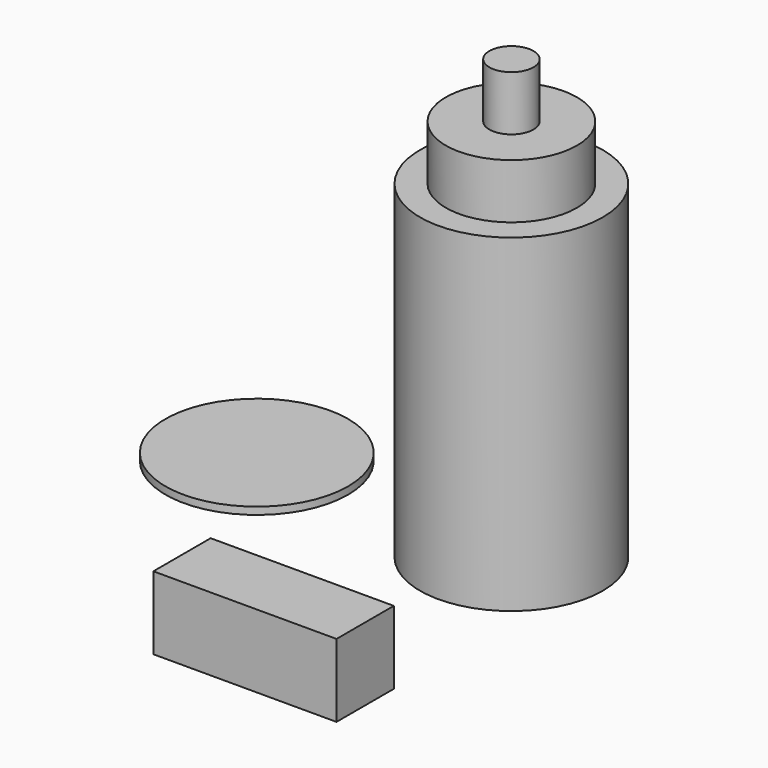
from build123d import *

# Parameters (mm, degrees)
F0_R     = 25
F2_DEPTH = 2
F3_R     = 25
F3_R_2   = 17.9413304425
F4_DEPTH = 90
F3_R_3   = 6.0431477175
F5_DEPTH = 105
F6_DEPTH = 120
F7_W     = 50.1358308829
F7_H     = 19.6019802243
F8_DEPTH = 20


# Not quite as in the source:
# - the program builds the solid bodies; features that only make, move or delete a surface that nothing else refers to are left out


with BuildPart() as f2:
    # F0 (on Top) → F2 (new body)
    with BuildSketch(Plane.XY):
        with Locations((-32.0416949689, 34.2092253268)):
            Circle(F0_R)
    extrude(amount=F2_DEPTH)


with BuildPart() as f4:
    # F3 (on Top) → F4 (new body)
    with BuildSketch(Plane.XY):
        with Locations((38.2615588605, 33.4553010762)):
            Circle(F3_R)
        with Locations((38.2615588605, 33.4553010762)):
            Circle(F3_R_2, mode=Mode.SUBTRACT)
    extrude(amount=F4_DEPTH)

    # F3 (on Top) → F5 (join)
    with BuildSketch(Plane.XY):
        with Locations((38.2615588605, 33.4553010762)):
            Circle(F3_R_2)
        with Locations((38.2615588605, 33.4553010762)):
            Circle(F3_R_3, mode=Mode.SUBTRACT)
    extrude(amount=F5_DEPTH)

    # F3 (on Top) → F6 (join)
    with BuildSketch(Plane.XY):
        with Locations((38.2615588605, 33.4553010762)):
            Circle(F3_R_3)
    extrude(amount=F6_DEPTH)


with BuildPart() as f8:
    # F7 (on Top) → F8 (new body)
    with BuildSketch(Plane.XY):
        with Locations((31.6647354048, -39.6751603112)):
            Rectangle(F7_W, F7_H)
    extrude(amount=F8_DEPTH)


solid = Compound([f2.part, f4.part, f8.part])
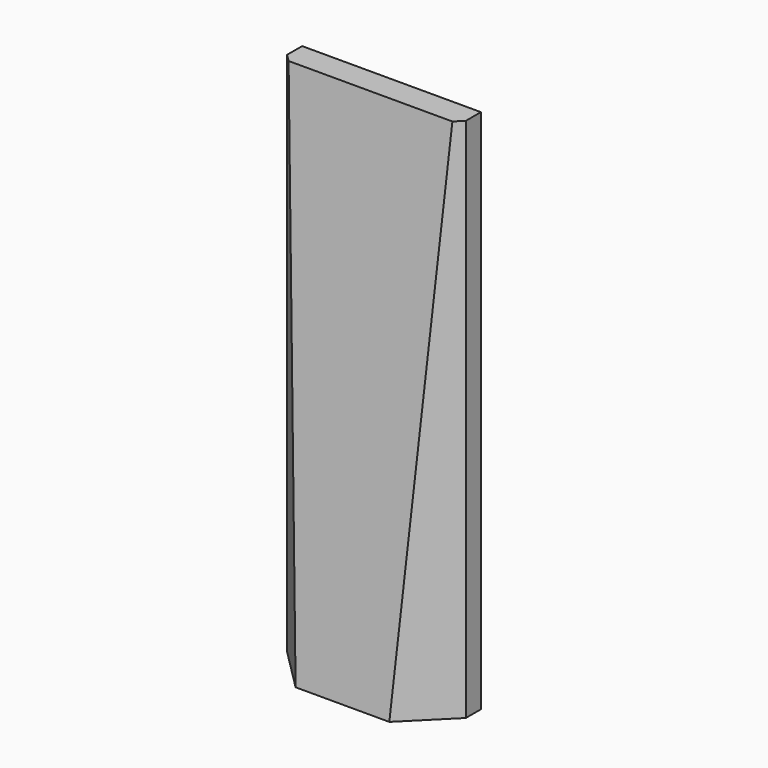
from build123d import *

# Parameters (mm, degrees)
F1_DEPTH = 30
F2_SIZE2 = 1.99999
F2_SIZE  = 29.99999


# Not quite as in the source:
# - a fillet or chamfer is up to 0.001 mm smaller than in the source, because OpenCascade refuses the exact size


with BuildPart() as f1:
    # F0 (on Top) → F1 (new body)
    with BuildSketch(Plane.XY):
        Polygon((-10.6, -0.4), (-10.6, -1.4736544004), (-8.1736544004, -3.9), (-2.8263455996, -3.9), (-0.4, -1.4736544004), (-0.4, -0.4), align=None)
    extrude(amount=F1_DEPTH)

    # F2 (size 30 and 2 in the source; OpenCascade refuses exactly that, so slightly less here)
    f2_edges = [f1.edges().sort_by_distance(p)[0] for p in [
        (-5.5, -3.9, 30),
    ]]
    f2_side = f1.faces().sort_by_distance((-5.5, -3.9, 15))[0]
    chamfer(f2_edges, length=F2_SIZE, length2=F2_SIZE2, reference=f2_side)


solid = f1.part

_ _ _ _ _ _ _

Wherever a line of the listing above contains the string "Mode", copy that line.

            Circle(F3_R_2, mode=Mode.SUBTRACT)
            Circle(F3_R_3, mode=Mode.SUBTRACT)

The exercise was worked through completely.